Recent advancements in computational morphology : A comprehensive survey
Jatayu Baxi, Brijesh Bhatt
TL;DR
This survey assesses computational morphology from traditional rule-based methods (Two-Level Morphology, FSTs, paradigms, and stemmers) to data-driven machine learning and contemporary Transformer-based models. It catalogs unsupervised and supervised learning approaches, dives into deep architectures for segmentation and tagging, and highlights joint lemma–MSD modeling and cross-lingual transfer for low-resource languages. The paper also reviews major morphology datasets (UD Treebanks, UniMorph) and analyzes the relative strengths, data requirements, and applicability across languages. It concludes with open research issues, including data scarcity, interpretability, and the need for broad, multilingual resources to advance robust morphology tooling.
Abstract
Computational morphology handles the language processing at the word level. It is one of the foundational tasks in the NLP pipeline for the development of higher level NLP applications. It mainly deals with the processing of words and word forms.
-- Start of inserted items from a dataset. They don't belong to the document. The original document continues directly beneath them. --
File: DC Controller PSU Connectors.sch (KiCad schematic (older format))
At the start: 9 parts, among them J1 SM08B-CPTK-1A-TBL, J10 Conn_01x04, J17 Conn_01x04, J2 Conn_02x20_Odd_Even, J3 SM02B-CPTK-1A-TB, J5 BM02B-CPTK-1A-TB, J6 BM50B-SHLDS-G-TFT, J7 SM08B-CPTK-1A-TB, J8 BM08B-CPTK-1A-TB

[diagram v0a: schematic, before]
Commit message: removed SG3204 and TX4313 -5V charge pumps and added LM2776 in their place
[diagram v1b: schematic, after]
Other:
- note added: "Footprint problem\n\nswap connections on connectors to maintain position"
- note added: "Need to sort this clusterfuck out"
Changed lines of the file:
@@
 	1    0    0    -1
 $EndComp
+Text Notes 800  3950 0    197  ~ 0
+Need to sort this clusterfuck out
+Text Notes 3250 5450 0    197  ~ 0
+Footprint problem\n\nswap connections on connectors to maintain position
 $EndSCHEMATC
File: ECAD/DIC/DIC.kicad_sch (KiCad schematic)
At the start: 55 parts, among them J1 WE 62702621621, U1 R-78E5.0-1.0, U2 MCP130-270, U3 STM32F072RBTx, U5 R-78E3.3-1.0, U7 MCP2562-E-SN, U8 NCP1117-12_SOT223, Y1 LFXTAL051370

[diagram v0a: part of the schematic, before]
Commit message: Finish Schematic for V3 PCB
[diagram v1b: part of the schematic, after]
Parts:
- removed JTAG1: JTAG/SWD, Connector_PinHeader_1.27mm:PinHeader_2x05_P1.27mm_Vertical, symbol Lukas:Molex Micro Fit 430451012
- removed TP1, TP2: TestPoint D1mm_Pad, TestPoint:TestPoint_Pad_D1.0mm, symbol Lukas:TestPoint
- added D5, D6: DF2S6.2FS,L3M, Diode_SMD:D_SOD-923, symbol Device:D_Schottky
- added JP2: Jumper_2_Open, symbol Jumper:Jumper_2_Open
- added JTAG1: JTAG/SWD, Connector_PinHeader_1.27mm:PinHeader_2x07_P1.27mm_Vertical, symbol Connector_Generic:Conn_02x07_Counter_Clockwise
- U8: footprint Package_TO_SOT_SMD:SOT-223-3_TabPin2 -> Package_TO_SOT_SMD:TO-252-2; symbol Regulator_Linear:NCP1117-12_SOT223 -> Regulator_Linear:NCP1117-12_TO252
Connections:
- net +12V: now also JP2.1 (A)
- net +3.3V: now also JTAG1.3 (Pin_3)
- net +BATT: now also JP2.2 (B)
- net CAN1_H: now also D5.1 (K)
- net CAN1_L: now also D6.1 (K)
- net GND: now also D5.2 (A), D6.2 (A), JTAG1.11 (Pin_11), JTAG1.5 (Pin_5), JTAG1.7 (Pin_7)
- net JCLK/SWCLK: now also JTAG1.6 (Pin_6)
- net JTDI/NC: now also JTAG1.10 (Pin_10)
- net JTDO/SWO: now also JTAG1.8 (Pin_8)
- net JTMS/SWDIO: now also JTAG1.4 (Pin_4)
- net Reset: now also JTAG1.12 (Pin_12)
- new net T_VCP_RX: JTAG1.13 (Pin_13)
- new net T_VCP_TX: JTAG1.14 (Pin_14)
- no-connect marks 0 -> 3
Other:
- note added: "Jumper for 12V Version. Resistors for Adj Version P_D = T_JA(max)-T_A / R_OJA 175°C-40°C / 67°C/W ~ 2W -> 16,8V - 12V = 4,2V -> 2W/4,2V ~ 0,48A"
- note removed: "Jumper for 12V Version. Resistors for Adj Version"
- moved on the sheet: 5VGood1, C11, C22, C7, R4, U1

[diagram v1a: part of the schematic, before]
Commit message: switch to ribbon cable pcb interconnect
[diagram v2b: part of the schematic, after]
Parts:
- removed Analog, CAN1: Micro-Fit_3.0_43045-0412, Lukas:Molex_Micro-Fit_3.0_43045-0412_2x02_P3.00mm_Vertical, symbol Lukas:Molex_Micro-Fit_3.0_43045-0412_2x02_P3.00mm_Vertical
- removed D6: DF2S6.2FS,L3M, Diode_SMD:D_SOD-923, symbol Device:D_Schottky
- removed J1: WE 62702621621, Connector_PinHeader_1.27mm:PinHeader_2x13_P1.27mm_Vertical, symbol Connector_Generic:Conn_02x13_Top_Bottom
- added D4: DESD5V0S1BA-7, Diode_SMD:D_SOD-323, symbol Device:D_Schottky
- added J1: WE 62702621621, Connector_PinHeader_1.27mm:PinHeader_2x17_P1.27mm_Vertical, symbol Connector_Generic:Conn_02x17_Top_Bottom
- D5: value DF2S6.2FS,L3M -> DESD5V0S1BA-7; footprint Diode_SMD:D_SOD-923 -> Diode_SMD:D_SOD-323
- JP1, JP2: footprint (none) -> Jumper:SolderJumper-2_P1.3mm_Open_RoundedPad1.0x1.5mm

Computational Morphology addresses various sub problems such as morpheme boundary detection, lemmatization, morphological feature tagging, morphological reinflection etc. In this paper, we present exhaustive survey of the methods for developing computational morphology related tools. We survey the literature in the chronological order starting from the conventional methods till the recent evolution of deep neural network based approaches. We also review the existing datasets available for this task across the languages. We discuss about the effectiveness of neural model compared with the traditional models and present some unique challenges associated with building the computational morphology tools. We conclude by discussing some recent and open research issues in this field.